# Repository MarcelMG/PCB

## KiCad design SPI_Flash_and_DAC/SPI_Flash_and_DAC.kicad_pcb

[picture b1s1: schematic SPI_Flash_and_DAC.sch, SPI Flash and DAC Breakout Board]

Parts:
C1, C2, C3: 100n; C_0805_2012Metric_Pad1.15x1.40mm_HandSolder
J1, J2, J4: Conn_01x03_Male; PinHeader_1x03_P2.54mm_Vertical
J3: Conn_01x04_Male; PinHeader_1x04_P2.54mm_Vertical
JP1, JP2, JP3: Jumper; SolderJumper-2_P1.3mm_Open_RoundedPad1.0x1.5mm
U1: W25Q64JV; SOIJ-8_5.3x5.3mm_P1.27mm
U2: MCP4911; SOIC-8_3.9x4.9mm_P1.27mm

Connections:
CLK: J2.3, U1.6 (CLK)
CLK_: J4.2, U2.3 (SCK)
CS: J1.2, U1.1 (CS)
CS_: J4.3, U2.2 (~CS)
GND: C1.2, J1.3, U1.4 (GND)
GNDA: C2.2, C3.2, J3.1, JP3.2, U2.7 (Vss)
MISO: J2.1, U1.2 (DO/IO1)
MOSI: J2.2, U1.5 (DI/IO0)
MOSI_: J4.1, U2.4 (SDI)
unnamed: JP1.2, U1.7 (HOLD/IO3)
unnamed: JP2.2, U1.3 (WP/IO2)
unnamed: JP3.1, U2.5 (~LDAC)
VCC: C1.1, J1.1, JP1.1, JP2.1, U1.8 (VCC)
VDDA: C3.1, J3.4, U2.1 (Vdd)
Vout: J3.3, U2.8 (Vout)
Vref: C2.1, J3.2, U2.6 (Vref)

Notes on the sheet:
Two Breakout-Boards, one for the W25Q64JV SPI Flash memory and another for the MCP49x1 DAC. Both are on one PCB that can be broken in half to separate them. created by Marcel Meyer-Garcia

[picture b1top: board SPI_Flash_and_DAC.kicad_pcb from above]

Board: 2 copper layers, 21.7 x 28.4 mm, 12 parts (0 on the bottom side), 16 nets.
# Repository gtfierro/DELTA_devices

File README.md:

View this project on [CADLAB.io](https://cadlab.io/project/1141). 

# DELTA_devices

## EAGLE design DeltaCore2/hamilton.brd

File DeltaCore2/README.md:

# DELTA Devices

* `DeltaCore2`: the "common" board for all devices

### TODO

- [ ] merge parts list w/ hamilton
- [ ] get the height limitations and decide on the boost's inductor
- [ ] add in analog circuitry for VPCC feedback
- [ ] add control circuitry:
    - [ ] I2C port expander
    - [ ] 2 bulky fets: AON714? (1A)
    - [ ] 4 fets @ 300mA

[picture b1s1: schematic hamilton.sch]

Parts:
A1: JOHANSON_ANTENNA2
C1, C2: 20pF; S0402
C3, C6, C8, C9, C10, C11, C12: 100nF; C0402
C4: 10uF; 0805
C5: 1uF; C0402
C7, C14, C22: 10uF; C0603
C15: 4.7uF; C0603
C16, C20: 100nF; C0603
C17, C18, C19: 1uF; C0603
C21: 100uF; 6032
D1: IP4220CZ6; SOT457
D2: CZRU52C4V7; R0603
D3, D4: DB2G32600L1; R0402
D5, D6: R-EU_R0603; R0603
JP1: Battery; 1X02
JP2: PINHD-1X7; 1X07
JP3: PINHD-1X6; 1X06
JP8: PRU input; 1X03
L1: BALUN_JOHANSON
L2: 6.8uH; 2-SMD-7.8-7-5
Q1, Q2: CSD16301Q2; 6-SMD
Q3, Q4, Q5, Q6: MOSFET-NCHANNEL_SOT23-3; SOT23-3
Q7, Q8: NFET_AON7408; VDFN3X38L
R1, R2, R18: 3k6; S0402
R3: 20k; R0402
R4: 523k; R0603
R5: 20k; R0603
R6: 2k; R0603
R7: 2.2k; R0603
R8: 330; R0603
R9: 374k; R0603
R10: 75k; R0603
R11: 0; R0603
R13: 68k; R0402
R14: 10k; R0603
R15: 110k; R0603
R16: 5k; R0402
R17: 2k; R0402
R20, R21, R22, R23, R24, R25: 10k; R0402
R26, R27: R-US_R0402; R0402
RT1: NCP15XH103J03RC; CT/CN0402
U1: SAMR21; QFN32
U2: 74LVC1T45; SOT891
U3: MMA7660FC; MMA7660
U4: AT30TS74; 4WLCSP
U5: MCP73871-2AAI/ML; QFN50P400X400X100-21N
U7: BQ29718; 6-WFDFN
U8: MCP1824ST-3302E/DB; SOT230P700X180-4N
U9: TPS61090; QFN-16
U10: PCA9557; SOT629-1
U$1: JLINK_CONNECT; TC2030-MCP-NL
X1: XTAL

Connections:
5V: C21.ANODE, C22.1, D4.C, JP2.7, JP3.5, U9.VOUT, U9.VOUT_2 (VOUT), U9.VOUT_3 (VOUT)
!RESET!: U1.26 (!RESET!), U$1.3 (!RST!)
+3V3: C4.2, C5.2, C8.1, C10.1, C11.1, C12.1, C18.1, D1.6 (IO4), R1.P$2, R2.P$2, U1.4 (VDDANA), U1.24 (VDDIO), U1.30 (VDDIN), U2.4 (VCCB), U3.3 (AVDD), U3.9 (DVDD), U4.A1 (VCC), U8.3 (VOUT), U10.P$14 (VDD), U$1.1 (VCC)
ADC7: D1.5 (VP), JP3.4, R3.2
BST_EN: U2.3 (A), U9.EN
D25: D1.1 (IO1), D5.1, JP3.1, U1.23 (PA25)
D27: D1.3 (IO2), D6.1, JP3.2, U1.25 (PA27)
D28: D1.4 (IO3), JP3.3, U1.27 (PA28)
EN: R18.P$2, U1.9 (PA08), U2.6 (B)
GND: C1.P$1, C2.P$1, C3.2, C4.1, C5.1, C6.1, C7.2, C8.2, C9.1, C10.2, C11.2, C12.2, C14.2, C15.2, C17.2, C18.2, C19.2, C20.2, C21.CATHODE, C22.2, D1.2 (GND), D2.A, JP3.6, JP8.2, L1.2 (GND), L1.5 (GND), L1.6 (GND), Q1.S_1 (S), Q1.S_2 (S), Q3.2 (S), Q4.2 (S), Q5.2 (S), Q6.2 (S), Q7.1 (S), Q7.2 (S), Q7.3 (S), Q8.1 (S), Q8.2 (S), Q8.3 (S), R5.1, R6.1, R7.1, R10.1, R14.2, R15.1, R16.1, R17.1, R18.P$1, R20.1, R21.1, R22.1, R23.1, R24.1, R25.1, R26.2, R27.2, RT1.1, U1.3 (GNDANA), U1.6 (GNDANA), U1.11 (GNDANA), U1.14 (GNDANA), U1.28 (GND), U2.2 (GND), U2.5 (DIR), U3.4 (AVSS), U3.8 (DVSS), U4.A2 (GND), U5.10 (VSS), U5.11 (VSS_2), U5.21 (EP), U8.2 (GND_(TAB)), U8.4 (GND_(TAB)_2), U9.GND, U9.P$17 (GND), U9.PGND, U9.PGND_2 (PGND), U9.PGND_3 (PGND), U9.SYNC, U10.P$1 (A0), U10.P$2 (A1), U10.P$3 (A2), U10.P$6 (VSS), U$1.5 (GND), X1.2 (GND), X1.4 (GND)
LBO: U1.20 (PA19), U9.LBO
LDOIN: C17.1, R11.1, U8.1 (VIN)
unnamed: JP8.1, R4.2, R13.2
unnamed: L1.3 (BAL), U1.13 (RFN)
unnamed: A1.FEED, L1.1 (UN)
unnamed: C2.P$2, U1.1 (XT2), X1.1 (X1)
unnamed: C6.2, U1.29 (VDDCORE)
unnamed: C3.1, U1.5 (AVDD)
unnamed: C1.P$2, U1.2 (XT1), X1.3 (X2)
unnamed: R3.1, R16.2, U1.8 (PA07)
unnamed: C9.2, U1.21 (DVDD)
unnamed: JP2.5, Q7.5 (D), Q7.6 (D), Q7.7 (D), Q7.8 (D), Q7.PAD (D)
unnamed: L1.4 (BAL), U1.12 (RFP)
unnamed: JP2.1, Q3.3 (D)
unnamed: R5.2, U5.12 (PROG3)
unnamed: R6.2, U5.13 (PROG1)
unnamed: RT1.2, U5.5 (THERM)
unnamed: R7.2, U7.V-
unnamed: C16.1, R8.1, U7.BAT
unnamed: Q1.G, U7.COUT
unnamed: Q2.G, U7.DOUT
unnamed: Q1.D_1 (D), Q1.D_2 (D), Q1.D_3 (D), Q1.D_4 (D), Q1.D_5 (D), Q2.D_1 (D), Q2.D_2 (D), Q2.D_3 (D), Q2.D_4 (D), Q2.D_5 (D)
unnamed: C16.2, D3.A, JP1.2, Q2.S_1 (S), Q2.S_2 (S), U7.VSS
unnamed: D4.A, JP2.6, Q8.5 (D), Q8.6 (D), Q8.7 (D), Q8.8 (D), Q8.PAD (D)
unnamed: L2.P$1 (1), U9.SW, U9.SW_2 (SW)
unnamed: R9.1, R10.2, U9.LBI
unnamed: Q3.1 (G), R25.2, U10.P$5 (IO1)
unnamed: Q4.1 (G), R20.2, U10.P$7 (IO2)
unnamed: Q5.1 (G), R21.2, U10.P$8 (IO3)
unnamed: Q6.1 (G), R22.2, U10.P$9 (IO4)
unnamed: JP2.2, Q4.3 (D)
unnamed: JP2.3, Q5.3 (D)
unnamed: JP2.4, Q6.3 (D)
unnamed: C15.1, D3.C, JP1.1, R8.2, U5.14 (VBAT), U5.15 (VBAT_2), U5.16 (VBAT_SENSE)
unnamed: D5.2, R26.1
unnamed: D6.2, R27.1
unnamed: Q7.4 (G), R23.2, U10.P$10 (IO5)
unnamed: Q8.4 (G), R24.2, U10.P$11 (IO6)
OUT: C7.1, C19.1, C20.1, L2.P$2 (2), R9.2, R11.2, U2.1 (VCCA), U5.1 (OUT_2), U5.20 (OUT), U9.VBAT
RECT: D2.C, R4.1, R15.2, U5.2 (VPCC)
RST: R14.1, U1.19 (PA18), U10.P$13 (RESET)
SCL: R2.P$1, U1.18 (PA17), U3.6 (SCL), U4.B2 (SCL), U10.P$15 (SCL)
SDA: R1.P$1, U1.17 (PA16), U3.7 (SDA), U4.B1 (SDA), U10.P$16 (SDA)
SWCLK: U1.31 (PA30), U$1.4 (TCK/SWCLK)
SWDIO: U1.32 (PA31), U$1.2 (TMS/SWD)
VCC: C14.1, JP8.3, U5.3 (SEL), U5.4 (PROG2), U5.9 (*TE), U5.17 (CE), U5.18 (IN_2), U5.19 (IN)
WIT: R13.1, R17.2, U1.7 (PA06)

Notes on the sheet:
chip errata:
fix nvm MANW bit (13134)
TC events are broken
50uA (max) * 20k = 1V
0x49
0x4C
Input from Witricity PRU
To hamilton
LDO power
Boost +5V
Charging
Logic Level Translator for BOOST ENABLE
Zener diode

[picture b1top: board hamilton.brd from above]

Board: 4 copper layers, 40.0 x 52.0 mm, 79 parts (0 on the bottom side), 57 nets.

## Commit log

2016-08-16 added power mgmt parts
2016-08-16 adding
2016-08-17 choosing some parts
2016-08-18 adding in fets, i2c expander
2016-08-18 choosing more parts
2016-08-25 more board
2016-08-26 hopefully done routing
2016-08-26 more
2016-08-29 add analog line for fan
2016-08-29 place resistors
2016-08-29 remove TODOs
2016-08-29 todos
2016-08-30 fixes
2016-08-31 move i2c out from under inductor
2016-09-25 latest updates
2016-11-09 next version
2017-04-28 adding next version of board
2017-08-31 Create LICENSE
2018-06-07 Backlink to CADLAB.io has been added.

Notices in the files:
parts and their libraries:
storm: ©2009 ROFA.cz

● **Aim of the task**
For this exercise, output exactly the lines above from the line with "D5, D6: R-EU_R0603; R0603" to the line with "RT1: NCP15XH103J03RC; CT/CN0402", counting both, and leave out the rest.

● **Output below**
D5, D6: R-EU_R0603; R0603
JP1: Battery; 1X02
JP2: PINHD-1X7; 1X07
JP3: PINHD-1X6; 1X06
JP8: PRU input; 1X03
L1: BALUN_JOHANSON
L2: 6.8uH; 2-SMD-7.8-7-5
Q1, Q2: CSD16301Q2; 6-SMD
Q3, Q4, Q5, Q6: MOSFET-NCHANNEL_SOT23-3; SOT23-3
Q7, Q8: NFET_AON7408; VDFN3X38L
R1, R2, R18: 3k6; S0402
R3: 20k; R0402
R4: 523k; R0603
R5: 20k; R0603
R6: 2k; R0603
R7: 2.2k; R0603
R8: 330; R0603
R9: 374k; R0603
R10: 75k; R0603
R11: 0; R0603
R13: 68k; R0402
R14: 10k; R0603
R15: 110k; R0603
R16: 5k; R0402
R17: 2k; R0402
R20, R21, R22, R23, R24, R25: 10k; R0402
R26, R27: R-US_R0402; R0402
RT1: NCP15XH103J03RC; CT/CN0402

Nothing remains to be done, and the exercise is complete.